I am assuming that you are not asking me if one of the boys could meet an MM in the parking lot of the local diner after midnight with a rough draft. They could, but attaching the rough draft to the Form 211 would be a horrible idea.
GL
May I suggest that you look into the meaning of the word quorum and its use in the company's by-laws?
I think it will answer the "all shareholders" issue for you.
The text of Rule 15c2-11 is here:
http://www.law.uc.edu/CCL/34ActRls/rule15c2-11.html
A 10-K filing would make the MM's application relatively easy. While an MM could, according to the letter of the rule, file the 211 supported by financial information in a form other than a 10-K, it is my understanding that no MM would do so in a case where an established filer has not filed. I believe that non-10K 211 filings are only used in the case of issuers who are not required to file 10k's, not those who have failed to file them.

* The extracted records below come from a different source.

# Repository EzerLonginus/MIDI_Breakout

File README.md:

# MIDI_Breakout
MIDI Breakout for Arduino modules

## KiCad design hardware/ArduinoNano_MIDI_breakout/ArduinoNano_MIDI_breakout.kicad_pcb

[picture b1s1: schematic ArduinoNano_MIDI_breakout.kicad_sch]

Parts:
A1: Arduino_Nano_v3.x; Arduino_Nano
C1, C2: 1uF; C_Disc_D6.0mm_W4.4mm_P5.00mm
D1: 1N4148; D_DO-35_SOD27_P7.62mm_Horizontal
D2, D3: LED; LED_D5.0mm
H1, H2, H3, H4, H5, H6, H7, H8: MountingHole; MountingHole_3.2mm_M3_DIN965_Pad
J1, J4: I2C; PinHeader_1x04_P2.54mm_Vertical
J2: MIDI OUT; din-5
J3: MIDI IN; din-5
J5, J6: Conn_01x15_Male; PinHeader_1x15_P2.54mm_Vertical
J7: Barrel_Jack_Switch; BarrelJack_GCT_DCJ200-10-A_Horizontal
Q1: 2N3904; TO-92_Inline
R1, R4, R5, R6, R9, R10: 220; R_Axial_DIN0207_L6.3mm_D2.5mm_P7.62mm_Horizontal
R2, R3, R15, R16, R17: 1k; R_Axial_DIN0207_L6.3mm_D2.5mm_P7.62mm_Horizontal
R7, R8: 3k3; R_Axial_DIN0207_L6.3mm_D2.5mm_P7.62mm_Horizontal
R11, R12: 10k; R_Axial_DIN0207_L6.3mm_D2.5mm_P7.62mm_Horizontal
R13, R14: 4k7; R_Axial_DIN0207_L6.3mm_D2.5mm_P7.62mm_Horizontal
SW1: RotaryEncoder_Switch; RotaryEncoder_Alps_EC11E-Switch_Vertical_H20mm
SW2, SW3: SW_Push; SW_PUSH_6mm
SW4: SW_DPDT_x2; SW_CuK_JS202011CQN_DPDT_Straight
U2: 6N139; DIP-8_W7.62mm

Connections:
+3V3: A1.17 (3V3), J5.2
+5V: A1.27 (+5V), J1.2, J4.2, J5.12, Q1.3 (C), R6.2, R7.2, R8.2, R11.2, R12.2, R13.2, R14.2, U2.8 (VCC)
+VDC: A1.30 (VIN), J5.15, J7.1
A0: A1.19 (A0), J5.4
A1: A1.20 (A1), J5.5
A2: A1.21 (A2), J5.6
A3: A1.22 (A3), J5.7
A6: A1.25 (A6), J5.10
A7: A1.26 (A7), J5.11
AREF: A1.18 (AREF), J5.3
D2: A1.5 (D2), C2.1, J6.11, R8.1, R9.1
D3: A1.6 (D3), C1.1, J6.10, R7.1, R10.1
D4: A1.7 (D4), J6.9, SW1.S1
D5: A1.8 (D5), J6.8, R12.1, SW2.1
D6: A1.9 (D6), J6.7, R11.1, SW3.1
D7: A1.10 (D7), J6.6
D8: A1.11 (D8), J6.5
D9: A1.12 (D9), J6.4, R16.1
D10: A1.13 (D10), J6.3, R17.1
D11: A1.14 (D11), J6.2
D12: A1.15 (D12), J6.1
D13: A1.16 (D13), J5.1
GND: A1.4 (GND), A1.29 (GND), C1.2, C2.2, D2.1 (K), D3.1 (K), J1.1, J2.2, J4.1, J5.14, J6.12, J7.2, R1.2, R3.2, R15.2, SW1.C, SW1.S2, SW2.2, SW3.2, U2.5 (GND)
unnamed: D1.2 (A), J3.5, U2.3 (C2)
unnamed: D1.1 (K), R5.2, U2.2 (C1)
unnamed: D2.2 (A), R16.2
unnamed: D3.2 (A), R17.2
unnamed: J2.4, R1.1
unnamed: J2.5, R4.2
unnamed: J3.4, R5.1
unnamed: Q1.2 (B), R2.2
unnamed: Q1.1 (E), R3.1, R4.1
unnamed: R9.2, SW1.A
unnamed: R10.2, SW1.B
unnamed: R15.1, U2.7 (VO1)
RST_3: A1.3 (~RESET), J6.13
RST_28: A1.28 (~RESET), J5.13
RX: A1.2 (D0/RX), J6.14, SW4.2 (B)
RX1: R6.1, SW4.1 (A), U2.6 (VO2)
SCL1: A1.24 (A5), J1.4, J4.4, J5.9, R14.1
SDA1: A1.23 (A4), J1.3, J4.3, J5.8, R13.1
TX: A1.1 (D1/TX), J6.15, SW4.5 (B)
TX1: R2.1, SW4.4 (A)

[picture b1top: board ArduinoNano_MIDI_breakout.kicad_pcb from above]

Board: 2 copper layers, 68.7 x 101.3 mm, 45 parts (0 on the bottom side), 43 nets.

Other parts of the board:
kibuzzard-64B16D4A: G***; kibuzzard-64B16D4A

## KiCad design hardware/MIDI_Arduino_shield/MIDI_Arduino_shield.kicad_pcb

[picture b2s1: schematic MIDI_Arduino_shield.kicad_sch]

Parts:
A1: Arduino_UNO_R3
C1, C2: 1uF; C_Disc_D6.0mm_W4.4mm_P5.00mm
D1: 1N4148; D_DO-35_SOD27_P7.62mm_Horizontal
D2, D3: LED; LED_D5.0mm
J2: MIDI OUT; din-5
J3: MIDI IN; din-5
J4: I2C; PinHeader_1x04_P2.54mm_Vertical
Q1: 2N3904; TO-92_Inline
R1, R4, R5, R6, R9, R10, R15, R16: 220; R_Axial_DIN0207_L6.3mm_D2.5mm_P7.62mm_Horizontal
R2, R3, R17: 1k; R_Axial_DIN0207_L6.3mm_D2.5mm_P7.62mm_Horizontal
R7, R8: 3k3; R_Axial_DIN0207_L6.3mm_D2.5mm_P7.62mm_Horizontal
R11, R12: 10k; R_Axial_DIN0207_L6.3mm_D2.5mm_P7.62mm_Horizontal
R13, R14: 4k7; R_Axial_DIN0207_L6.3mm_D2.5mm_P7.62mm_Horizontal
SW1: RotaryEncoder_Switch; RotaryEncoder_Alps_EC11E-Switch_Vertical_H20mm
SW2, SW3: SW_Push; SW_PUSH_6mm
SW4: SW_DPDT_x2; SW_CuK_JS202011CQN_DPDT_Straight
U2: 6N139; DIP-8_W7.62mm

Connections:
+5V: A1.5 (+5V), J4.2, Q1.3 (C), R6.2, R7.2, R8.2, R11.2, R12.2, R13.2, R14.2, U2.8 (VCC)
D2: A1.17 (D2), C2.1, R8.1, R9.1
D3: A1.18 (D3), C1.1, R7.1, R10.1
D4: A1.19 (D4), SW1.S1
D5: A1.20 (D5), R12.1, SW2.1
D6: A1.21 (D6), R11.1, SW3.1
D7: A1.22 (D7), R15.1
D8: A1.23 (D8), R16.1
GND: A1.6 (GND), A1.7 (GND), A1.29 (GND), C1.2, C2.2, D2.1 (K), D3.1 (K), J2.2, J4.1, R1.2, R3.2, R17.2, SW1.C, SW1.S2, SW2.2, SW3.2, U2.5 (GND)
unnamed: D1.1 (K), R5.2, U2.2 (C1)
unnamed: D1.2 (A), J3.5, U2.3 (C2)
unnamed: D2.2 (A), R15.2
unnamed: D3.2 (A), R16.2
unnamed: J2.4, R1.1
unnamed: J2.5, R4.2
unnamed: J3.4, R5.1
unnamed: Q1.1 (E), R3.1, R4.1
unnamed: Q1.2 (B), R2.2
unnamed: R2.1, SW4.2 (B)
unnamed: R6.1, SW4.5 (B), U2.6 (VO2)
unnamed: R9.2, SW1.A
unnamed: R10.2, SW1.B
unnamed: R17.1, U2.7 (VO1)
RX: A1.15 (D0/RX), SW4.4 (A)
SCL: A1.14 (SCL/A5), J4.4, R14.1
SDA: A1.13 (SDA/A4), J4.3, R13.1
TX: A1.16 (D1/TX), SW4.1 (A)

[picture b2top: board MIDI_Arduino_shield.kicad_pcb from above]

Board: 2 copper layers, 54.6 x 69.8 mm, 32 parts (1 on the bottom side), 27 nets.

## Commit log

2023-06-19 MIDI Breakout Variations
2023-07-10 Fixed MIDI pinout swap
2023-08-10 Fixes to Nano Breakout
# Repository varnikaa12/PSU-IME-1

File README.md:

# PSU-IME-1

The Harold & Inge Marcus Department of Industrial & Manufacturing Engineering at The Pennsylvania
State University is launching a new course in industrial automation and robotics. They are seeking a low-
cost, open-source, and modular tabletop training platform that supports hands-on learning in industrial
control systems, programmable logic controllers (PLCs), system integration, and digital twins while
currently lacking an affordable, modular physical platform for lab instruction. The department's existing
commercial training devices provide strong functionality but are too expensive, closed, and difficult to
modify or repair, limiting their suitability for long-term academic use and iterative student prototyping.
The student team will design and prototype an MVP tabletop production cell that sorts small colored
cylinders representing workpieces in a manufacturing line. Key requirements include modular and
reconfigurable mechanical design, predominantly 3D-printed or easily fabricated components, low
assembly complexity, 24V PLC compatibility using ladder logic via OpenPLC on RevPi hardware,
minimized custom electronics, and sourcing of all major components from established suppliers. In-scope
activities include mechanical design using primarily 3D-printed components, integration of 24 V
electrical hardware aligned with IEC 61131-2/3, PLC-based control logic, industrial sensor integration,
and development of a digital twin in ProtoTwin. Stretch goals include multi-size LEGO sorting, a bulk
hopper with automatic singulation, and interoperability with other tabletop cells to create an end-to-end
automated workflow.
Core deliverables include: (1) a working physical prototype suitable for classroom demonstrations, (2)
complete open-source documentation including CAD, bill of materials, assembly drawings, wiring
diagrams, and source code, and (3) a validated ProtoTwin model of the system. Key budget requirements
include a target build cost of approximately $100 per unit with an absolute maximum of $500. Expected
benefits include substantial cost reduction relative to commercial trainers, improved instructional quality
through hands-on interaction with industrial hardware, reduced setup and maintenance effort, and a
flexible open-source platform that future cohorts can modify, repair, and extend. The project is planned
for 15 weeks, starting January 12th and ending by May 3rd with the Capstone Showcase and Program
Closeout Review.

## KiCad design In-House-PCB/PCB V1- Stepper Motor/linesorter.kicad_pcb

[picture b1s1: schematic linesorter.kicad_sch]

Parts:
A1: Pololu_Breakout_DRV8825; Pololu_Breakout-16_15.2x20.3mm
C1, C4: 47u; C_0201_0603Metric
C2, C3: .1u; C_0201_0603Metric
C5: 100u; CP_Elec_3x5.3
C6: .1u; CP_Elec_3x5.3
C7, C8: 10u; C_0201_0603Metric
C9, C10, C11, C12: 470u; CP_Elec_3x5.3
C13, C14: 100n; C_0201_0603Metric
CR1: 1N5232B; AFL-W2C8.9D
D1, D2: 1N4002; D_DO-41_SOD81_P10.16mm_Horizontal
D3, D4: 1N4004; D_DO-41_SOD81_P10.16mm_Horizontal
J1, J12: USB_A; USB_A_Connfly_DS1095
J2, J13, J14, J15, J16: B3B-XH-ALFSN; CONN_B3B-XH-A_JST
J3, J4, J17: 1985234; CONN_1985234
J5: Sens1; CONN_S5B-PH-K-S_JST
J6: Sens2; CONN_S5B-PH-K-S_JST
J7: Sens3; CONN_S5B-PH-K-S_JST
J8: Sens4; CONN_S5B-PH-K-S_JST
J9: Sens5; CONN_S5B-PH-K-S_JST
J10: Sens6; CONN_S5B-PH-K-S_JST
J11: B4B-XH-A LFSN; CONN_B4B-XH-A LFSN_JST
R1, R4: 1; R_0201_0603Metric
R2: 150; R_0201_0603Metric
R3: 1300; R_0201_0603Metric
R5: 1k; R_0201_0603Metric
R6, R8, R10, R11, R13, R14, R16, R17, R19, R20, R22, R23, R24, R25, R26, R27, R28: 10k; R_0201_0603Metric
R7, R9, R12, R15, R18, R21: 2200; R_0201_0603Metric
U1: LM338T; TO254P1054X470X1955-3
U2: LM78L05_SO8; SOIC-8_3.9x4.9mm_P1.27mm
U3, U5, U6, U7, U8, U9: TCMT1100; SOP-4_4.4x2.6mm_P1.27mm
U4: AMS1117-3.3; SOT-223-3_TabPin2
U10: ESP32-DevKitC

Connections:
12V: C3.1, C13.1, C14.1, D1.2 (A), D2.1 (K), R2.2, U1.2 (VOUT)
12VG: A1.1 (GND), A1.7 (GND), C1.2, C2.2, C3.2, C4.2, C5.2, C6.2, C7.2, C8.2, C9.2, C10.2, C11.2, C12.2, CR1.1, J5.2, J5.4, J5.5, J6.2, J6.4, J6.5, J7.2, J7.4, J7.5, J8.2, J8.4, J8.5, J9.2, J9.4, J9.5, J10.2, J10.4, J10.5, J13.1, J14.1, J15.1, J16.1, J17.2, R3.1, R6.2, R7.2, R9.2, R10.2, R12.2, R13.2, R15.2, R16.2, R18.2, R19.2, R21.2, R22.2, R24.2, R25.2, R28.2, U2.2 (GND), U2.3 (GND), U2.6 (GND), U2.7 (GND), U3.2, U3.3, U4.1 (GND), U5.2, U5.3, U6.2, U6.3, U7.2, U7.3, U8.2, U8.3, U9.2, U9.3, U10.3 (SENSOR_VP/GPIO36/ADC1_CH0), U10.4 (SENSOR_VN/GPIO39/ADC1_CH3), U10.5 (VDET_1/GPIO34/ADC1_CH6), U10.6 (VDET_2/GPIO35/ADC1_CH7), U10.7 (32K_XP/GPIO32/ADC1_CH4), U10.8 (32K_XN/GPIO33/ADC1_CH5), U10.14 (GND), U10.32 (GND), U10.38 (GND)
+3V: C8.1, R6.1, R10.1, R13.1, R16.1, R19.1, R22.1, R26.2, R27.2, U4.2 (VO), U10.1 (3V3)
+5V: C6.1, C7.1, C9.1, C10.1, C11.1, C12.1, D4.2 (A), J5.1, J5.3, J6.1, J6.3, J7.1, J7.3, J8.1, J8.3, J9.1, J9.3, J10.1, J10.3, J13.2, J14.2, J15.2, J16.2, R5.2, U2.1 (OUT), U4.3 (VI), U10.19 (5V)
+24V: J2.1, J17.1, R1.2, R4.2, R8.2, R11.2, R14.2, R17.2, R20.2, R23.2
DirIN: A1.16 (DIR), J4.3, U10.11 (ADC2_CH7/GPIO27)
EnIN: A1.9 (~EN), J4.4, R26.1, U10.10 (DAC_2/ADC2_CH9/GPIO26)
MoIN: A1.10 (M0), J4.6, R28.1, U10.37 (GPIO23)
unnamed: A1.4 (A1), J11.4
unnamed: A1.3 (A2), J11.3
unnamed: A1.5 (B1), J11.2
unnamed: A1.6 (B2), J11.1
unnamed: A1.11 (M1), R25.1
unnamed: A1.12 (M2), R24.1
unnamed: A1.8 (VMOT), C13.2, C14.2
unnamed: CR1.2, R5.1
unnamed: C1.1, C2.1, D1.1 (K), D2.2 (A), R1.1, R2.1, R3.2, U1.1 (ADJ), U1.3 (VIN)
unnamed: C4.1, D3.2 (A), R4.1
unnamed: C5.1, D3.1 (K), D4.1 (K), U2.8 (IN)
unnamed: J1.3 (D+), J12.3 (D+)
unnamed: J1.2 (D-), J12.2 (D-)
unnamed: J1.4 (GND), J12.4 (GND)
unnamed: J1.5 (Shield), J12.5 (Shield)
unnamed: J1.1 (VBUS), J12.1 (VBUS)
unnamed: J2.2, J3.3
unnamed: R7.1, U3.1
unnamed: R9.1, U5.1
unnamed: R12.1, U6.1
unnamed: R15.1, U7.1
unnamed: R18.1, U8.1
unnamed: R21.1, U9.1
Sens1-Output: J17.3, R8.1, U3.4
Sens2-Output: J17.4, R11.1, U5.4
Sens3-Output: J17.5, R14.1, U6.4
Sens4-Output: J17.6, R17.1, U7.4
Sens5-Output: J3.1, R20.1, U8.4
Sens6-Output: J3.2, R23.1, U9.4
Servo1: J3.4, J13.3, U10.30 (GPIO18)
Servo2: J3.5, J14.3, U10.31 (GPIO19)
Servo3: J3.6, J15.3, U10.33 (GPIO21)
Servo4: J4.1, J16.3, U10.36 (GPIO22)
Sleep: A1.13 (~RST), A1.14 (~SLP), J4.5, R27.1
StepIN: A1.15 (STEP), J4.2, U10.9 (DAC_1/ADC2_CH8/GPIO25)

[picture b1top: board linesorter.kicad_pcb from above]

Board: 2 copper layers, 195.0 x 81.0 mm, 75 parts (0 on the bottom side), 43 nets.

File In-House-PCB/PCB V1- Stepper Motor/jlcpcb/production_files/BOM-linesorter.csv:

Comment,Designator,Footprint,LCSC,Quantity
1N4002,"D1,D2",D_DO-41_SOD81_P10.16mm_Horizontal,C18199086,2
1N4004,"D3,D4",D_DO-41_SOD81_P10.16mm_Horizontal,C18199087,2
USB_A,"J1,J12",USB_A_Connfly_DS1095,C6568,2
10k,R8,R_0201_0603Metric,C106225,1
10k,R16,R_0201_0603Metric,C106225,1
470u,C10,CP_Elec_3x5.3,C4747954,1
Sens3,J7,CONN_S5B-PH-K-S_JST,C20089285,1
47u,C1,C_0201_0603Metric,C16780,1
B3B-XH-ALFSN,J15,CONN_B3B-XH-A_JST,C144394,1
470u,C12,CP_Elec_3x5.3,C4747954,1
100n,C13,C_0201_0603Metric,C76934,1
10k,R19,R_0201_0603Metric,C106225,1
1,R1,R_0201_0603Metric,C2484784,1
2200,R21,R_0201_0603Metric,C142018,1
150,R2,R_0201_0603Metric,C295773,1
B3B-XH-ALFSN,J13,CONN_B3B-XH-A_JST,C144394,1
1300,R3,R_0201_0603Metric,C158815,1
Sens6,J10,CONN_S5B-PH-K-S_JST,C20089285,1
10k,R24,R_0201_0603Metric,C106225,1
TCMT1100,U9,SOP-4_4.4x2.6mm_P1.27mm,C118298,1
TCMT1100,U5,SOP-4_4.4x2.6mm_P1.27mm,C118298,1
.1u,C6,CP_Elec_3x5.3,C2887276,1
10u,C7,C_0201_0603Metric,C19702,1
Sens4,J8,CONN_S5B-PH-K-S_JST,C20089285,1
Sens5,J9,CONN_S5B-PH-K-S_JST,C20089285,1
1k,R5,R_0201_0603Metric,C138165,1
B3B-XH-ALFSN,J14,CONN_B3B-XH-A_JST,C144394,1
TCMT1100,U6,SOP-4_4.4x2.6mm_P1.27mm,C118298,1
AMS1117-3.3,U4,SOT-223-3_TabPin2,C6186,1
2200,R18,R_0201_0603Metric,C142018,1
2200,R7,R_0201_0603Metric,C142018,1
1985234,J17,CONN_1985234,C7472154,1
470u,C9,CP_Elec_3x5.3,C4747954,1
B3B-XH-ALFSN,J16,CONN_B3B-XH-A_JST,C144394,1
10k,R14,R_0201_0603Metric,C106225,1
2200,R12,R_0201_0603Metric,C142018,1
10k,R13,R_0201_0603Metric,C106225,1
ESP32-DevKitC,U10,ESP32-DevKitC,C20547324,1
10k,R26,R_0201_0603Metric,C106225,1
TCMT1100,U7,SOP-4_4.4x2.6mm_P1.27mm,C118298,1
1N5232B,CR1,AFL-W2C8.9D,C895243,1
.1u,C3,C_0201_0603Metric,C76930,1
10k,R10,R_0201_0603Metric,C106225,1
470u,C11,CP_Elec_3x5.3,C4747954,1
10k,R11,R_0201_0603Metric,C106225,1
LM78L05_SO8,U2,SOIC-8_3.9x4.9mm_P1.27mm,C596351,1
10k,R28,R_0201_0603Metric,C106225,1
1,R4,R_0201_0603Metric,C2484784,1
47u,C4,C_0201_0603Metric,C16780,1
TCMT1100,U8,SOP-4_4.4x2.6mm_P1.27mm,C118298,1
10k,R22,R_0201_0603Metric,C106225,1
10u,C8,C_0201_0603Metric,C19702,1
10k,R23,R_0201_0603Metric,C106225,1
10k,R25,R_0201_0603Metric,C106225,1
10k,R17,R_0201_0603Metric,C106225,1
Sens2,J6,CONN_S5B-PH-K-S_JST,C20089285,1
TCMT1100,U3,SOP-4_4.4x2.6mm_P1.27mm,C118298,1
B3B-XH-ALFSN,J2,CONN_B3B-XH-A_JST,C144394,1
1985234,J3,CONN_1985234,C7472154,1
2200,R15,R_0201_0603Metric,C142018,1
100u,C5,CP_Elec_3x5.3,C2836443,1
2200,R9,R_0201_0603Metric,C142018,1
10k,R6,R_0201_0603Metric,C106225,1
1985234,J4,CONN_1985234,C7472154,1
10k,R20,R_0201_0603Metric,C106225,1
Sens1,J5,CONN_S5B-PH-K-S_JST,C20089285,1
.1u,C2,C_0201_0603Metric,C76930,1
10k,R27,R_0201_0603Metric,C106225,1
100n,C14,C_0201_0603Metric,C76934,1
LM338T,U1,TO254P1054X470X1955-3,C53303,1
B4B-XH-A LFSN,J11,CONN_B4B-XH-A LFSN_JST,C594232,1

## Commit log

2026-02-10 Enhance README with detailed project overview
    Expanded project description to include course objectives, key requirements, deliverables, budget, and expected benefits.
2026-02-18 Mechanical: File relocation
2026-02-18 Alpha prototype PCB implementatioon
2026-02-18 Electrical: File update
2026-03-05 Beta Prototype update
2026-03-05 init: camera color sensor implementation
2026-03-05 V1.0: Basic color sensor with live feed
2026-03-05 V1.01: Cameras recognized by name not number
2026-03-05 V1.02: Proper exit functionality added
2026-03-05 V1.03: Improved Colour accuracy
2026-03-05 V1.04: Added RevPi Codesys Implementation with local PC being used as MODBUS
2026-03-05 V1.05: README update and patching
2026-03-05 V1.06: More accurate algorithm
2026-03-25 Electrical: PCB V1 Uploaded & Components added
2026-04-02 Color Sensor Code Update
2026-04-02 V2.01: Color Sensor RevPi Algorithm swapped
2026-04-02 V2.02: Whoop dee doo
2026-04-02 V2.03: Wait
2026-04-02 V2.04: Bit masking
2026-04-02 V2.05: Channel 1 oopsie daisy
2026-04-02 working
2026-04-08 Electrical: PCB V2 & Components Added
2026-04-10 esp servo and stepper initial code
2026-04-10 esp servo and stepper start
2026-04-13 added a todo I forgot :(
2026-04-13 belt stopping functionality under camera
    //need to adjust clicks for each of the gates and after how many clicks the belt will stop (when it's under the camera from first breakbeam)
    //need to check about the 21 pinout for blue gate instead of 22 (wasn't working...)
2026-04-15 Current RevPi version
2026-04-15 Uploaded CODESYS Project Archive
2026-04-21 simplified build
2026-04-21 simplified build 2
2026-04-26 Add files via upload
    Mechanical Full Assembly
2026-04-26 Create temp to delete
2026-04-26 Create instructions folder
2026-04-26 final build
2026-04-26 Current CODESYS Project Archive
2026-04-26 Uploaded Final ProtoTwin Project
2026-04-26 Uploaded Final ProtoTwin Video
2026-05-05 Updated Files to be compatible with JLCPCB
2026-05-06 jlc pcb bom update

The underlying requirement is for the MM to indicate that he/they find the information to be reliable. That is virtually impossible to do with information that is subject to regulated filing and yet hasn't been filed.
In other words, no 10k = no 211.
pj,
The following reasons should definitely appear PROMINENTLY in the Ibox, which presumably exists as a source of facts for those unfamiliar with the company or current information for those who are. But they are the reasons for the suspension in the stock......not the reasons for the investigation, which remain unstated by SEC rule.
"because of questions that have been raised about the accuracy and adequacy of publicly disseminated information concerning, among other things, the amount of sales and customer orders received by SpongeTech, investment agreements entered into by SpongeTech, and SpongeTech's revenues as reported in its financial statements. In addition, SpongeTech has not filed any periodic reports with the Commission since the period ended Feb. 28, 2009."
Item 8.01. Other Events
"On September 18, 2009, the Company received a formal order of investigation issued by the SEC regarding possible securities laws violations by the Company and/or other persons."
http://www.sec.gov/Archives/edgar/data/1201251/000114420409050122/v161351_8k.htm
No hair-splitting necessary.
Tex,
Probably should've noted that the SB-2 was provided as an example of form, not substance. When I noticed that the thing was for all of 20G's I almost didn't send it but got too lazy to look for another.
An IPO would require a registration, yes. However in this case the registration would not be for a newly listing company but rather to raise capital via the sale of shares of an existing company. There are several types of registration forms applying to different types and sizes of companies:
http://www.sec.gov/about/forms/secforms.htm
By way of example, this SB-2 was filed by Madero, GFGU's predecessor, in 2007 for the issuance of 4,320,000 shares @ $.005/share.
http://www.sec.gov/Archives/edgar/data/1398667/000116552707000338/g1778.txt
It's my understanding that, if GFGU were to try to sell common shares on the open market via this type of offering, the 5million+ shares in question could be added (piggy-backed) onto that registration filing, resulting in their no longer being restricted and hence freely tradable. In fact, if I may be so bold as to hazard a guess, I wouldn't be surprised if an offering wasn't already on someone's mind when the deal was struck. Otherwise, what's the value to the restricted shares? We'll see.